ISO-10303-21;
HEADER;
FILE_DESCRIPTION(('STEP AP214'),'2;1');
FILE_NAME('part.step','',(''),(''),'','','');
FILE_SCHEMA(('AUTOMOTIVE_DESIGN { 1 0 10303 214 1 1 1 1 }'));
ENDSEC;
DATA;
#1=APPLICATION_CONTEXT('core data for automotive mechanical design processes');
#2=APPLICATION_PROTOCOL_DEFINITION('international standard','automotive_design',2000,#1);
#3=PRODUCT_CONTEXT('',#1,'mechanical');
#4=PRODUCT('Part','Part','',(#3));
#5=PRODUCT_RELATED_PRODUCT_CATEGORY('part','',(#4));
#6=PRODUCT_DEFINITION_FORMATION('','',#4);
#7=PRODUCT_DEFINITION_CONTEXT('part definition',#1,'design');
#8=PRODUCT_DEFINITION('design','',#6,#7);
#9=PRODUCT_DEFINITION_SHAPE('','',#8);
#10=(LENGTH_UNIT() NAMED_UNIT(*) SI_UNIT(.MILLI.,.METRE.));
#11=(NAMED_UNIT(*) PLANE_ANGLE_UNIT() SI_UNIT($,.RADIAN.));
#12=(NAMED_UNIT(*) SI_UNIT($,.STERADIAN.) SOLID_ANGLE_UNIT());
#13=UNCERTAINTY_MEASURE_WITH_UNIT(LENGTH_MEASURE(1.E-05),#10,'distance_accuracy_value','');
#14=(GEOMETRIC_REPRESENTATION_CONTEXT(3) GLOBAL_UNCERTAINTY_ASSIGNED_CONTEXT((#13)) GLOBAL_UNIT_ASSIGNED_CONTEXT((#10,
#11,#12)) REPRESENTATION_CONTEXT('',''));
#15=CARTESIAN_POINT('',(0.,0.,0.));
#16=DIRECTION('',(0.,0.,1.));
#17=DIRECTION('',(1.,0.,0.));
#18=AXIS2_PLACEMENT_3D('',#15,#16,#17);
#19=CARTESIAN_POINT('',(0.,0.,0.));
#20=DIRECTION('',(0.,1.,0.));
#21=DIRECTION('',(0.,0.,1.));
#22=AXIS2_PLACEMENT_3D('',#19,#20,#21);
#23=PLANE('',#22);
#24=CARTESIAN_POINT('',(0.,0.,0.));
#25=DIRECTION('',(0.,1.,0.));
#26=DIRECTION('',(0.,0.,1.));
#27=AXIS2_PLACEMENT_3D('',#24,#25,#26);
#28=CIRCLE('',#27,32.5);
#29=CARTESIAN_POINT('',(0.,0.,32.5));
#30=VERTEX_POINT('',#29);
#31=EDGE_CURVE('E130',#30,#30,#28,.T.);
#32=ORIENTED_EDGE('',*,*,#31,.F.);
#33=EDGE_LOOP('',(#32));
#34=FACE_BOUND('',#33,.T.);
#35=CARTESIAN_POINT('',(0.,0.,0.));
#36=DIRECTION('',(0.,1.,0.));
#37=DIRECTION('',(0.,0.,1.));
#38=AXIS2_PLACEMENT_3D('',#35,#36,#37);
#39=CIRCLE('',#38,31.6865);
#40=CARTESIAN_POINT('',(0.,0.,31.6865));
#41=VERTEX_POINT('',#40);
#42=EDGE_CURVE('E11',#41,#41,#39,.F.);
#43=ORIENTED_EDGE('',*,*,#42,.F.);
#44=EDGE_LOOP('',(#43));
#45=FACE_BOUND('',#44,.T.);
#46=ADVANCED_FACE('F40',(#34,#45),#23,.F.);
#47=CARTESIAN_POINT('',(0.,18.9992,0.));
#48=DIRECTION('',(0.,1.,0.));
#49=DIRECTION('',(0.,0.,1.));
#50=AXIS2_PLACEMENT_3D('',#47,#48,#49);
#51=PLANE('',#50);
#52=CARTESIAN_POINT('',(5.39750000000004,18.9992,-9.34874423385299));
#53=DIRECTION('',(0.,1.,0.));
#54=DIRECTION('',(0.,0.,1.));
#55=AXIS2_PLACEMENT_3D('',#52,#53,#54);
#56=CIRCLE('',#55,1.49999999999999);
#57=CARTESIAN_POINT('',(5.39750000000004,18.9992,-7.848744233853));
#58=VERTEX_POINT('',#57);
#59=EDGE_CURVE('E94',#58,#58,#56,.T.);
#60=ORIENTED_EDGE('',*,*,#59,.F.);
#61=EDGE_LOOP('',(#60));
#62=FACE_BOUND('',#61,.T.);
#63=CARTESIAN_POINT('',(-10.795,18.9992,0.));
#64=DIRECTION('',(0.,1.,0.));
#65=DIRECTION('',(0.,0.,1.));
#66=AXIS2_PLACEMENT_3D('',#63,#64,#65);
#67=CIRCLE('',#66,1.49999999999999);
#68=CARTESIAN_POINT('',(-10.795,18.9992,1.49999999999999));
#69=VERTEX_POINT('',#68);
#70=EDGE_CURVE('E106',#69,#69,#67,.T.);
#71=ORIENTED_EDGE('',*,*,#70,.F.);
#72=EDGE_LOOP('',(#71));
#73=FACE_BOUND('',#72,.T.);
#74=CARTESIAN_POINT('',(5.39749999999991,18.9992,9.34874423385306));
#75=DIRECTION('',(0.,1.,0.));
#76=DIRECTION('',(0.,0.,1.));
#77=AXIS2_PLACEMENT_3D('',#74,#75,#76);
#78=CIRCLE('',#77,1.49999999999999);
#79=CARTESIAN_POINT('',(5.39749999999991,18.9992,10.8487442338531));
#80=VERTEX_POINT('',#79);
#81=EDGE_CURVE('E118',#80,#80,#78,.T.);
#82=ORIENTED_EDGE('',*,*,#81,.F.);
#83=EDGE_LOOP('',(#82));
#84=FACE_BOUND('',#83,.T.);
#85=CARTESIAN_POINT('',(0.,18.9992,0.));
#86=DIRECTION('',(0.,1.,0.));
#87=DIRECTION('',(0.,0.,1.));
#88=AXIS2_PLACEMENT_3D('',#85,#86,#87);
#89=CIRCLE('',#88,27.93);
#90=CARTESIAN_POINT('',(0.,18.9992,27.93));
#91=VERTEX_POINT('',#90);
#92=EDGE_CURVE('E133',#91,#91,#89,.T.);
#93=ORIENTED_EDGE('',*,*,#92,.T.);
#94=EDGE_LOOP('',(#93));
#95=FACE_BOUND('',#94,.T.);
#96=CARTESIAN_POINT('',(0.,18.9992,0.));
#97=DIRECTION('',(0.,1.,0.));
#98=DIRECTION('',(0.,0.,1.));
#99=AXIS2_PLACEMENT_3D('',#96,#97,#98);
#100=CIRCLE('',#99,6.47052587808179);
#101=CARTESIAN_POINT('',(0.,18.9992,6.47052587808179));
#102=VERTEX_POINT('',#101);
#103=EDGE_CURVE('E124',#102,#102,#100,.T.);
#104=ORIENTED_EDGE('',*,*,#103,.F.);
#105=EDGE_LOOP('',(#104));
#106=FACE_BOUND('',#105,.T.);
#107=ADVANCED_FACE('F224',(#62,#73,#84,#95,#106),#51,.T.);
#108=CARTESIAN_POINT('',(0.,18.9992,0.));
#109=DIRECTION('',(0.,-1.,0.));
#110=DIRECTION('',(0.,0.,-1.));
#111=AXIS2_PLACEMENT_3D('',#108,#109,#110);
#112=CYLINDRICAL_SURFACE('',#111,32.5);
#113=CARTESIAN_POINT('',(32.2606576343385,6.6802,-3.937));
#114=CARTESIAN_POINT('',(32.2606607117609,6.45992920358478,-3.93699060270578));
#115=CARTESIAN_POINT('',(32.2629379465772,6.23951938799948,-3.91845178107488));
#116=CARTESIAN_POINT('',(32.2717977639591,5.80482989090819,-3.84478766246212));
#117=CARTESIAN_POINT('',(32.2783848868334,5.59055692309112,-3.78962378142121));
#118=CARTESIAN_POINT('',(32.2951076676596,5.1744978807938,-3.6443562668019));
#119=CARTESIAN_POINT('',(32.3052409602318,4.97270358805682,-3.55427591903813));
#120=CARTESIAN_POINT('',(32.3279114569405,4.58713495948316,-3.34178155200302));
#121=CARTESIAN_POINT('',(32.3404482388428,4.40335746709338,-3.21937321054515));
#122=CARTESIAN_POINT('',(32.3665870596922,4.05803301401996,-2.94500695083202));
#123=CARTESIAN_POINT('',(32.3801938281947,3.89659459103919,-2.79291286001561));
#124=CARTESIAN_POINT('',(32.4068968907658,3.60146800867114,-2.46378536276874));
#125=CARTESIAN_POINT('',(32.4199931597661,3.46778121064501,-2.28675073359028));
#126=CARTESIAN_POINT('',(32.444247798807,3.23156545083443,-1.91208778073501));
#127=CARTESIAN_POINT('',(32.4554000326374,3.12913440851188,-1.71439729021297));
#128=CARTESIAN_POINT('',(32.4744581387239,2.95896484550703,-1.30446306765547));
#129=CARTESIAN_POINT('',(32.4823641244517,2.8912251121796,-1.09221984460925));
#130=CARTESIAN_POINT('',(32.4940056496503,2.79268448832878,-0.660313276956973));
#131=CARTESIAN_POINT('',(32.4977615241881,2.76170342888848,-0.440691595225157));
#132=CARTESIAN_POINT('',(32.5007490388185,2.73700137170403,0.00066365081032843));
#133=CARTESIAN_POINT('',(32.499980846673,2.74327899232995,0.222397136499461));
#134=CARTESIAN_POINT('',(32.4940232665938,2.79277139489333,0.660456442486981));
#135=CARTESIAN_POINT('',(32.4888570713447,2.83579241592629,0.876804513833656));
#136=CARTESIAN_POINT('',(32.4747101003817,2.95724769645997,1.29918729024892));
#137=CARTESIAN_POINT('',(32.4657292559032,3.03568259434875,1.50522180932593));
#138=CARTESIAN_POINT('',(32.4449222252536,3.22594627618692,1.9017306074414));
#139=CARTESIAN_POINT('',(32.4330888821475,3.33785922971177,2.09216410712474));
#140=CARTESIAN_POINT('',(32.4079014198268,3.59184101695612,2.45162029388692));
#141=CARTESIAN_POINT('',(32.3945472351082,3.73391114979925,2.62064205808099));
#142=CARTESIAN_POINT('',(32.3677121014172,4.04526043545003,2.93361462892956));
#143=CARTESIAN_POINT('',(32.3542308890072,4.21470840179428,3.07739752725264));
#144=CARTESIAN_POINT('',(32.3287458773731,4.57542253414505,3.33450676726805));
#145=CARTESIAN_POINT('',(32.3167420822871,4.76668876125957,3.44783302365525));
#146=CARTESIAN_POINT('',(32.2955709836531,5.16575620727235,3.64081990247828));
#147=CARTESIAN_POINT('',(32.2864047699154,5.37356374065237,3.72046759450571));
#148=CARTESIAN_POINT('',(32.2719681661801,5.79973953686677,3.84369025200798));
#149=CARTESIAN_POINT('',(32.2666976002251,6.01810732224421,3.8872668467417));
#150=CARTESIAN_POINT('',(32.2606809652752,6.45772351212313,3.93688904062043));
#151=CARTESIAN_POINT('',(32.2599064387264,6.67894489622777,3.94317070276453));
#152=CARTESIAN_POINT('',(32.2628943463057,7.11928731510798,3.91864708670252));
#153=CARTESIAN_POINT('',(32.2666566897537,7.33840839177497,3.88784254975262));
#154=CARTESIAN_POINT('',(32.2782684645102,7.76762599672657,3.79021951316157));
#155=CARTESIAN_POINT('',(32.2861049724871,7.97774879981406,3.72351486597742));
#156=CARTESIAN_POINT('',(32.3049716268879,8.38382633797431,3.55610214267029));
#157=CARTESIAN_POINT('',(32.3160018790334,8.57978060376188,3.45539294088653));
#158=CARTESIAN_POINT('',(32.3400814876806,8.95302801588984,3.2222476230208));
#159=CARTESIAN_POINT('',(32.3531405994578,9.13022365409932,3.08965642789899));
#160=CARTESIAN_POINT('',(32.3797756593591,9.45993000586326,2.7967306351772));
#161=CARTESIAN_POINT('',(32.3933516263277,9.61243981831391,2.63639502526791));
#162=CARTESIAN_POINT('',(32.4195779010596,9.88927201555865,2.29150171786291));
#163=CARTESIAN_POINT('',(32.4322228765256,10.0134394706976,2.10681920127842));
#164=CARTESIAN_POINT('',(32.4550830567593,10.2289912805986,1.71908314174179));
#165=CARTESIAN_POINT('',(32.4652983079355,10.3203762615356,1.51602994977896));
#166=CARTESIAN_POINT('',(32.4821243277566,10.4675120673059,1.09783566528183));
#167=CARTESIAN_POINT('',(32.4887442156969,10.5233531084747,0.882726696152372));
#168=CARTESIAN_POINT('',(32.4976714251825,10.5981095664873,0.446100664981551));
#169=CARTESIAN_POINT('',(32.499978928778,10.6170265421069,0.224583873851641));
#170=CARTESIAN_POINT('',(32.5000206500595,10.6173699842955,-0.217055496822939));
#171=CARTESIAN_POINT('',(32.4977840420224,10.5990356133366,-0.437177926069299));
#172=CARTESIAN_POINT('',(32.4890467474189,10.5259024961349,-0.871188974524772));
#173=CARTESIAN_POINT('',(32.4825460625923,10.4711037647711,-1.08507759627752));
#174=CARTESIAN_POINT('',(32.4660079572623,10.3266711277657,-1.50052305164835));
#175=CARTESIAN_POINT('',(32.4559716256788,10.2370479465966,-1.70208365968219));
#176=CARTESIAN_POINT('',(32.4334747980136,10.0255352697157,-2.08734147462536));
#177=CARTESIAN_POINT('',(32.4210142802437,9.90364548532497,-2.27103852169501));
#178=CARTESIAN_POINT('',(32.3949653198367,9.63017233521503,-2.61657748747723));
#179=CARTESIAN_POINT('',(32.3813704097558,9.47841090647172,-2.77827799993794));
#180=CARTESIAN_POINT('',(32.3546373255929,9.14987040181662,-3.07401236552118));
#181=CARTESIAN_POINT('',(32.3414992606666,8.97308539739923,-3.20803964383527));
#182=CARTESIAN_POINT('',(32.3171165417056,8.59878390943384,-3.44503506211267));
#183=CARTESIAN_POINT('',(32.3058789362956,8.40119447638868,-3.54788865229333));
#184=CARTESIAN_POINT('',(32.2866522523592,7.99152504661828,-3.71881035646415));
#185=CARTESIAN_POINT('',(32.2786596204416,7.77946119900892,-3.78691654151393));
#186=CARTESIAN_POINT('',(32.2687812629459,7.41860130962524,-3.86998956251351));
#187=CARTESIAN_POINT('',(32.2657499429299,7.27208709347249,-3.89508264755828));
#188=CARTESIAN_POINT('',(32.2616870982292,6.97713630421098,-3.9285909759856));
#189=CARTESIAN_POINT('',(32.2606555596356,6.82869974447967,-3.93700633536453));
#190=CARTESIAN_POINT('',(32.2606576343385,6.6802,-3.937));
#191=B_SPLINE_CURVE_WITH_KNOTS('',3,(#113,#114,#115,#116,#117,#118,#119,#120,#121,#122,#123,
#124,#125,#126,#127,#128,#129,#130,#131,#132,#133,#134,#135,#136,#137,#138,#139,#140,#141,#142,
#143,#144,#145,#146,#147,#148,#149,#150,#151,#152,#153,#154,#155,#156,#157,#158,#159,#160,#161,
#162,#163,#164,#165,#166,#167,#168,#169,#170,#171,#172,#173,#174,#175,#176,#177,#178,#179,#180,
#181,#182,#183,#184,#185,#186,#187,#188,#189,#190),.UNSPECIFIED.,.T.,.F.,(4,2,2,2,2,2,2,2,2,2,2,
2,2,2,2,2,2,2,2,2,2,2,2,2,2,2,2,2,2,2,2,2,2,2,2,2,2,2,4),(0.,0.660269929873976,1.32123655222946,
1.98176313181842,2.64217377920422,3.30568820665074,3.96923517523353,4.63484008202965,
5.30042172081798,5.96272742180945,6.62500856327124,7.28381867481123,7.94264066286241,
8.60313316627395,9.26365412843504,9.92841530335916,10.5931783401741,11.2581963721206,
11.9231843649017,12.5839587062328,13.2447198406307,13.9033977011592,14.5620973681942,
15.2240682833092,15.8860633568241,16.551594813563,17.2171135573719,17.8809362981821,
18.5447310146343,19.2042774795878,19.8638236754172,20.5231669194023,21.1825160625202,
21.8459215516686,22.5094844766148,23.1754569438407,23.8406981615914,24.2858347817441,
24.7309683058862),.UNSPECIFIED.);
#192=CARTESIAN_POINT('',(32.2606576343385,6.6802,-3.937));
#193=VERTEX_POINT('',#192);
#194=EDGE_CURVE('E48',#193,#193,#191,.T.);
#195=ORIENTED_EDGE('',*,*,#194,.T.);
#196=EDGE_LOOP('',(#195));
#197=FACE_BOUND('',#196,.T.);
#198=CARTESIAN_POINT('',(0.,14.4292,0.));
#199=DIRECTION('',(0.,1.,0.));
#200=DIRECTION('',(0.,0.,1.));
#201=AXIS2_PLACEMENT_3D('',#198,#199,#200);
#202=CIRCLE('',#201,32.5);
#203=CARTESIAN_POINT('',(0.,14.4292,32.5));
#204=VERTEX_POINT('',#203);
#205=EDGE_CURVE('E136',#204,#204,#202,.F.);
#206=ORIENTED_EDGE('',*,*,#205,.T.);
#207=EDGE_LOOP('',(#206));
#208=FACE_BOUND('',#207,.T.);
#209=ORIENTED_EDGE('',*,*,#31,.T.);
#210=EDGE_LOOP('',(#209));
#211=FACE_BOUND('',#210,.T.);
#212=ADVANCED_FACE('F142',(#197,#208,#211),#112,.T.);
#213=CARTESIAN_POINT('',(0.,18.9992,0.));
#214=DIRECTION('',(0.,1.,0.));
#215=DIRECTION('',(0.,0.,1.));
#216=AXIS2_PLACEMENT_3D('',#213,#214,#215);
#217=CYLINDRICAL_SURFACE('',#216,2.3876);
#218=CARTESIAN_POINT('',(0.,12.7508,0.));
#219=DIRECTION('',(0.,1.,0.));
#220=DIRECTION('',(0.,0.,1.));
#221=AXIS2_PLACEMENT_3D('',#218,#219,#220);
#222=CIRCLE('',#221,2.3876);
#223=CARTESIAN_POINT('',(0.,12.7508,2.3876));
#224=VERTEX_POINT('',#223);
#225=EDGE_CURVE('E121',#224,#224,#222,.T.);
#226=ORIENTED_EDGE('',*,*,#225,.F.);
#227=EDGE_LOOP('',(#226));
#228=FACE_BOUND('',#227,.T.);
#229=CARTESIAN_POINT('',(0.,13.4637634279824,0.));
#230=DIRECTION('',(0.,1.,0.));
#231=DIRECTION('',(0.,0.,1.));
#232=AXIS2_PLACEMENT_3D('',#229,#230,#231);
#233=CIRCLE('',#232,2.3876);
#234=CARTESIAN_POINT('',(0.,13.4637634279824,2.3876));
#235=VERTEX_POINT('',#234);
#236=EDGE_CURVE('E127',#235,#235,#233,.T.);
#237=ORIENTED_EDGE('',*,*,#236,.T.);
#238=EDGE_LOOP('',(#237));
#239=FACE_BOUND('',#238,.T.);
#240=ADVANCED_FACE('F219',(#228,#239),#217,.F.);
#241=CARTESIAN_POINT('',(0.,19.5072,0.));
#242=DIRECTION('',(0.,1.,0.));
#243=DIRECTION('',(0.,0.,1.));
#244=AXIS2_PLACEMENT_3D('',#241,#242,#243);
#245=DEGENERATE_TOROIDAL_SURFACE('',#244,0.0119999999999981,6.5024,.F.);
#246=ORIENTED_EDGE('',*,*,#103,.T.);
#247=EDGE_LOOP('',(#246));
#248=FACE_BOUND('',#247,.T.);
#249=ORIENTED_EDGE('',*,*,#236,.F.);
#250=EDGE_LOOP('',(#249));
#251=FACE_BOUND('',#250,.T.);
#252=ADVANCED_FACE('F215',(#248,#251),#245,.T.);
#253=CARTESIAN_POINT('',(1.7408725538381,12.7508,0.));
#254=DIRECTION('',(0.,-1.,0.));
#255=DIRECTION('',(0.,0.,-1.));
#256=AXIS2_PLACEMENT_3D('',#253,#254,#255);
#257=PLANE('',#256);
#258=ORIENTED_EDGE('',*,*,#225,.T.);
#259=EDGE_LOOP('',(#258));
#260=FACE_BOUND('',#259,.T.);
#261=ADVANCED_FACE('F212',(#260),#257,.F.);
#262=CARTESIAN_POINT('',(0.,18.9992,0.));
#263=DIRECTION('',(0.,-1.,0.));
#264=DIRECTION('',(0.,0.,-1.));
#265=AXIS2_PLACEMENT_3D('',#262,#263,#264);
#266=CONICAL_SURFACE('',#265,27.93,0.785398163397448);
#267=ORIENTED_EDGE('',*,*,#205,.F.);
=-=-=-=-=
Using the data above, print exactly the lines from the line that contains "#24=CARTESIAN_POINT('',(0.,0.,0.));" through the line that contains "#67=CIRCLE('',#66,1.49999999999999);", with both included.

#24=CARTESIAN_POINT('',(0.,0.,0.));
#25=DIRECTION('',(0.,1.,0.));
#26=DIRECTION('',(0.,0.,1.));
#27=AXIS2_PLACEMENT_3D('',#24,#25,#26);
#28=CIRCLE('',#27,32.5);
#29=CARTESIAN_POINT('',(0.,0.,32.5));
#30=VERTEX_POINT('',#29);
#31=EDGE_CURVE('E130',#30,#30,#28,.T.);
#32=ORIENTED_EDGE('',*,*,#31,.F.);
#33=EDGE_LOOP('',(#32));
#34=FACE_BOUND('',#33,.T.);
#35=CARTESIAN_POINT('',(0.,0.,0.));
#36=DIRECTION('',(0.,1.,0.));
#37=DIRECTION('',(0.,0.,1.));
#38=AXIS2_PLACEMENT_3D('',#35,#36,#37);
#39=CIRCLE('',#38,31.6865);
#40=CARTESIAN_POINT('',(0.,0.,31.6865));
#41=VERTEX_POINT('',#40);
#42=EDGE_CURVE('E11',#41,#41,#39,.F.);
#43=ORIENTED_EDGE('',*,*,#42,.F.);
#44=EDGE_LOOP('',(#43));
#45=FACE_BOUND('',#44,.T.);
#46=ADVANCED_FACE('F40',(#34,#45),#23,.F.);
#47=CARTESIAN_POINT('',(0.,18.9992,0.));
#48=DIRECTION('',(0.,1.,0.));
#49=DIRECTION('',(0.,0.,1.));
#50=AXIS2_PLACEMENT_3D('',#47,#48,#49);
#51=PLANE('',#50);
#52=CARTESIAN_POINT('',(5.39750000000004,18.9992,-9.34874423385299));
#53=DIRECTION('',(0.,1.,0.));
#54=DIRECTION('',(0.,0.,1.));
#55=AXIS2_PLACEMENT_3D('',#52,#53,#54);
#56=CIRCLE('',#55,1.49999999999999);
#57=CARTESIAN_POINT('',(5.39750000000004,18.9992,-7.848744233853));
#58=VERTEX_POINT('',#57);
#59=EDGE_CURVE('E94',#58,#58,#56,.T.);
#60=ORIENTED_EDGE('',*,*,#59,.F.);
#61=EDGE_LOOP('',(#60));
#62=FACE_BOUND('',#61,.T.);
#63=CARTESIAN_POINT('',(-10.795,18.9992,0.));
#64=DIRECTION('',(0.,1.,0.));
#65=DIRECTION('',(0.,0.,1.));
#66=AXIS2_PLACEMENT_3D('',#63,#64,#65);
#67=CIRCLE('',#66,1.49999999999999);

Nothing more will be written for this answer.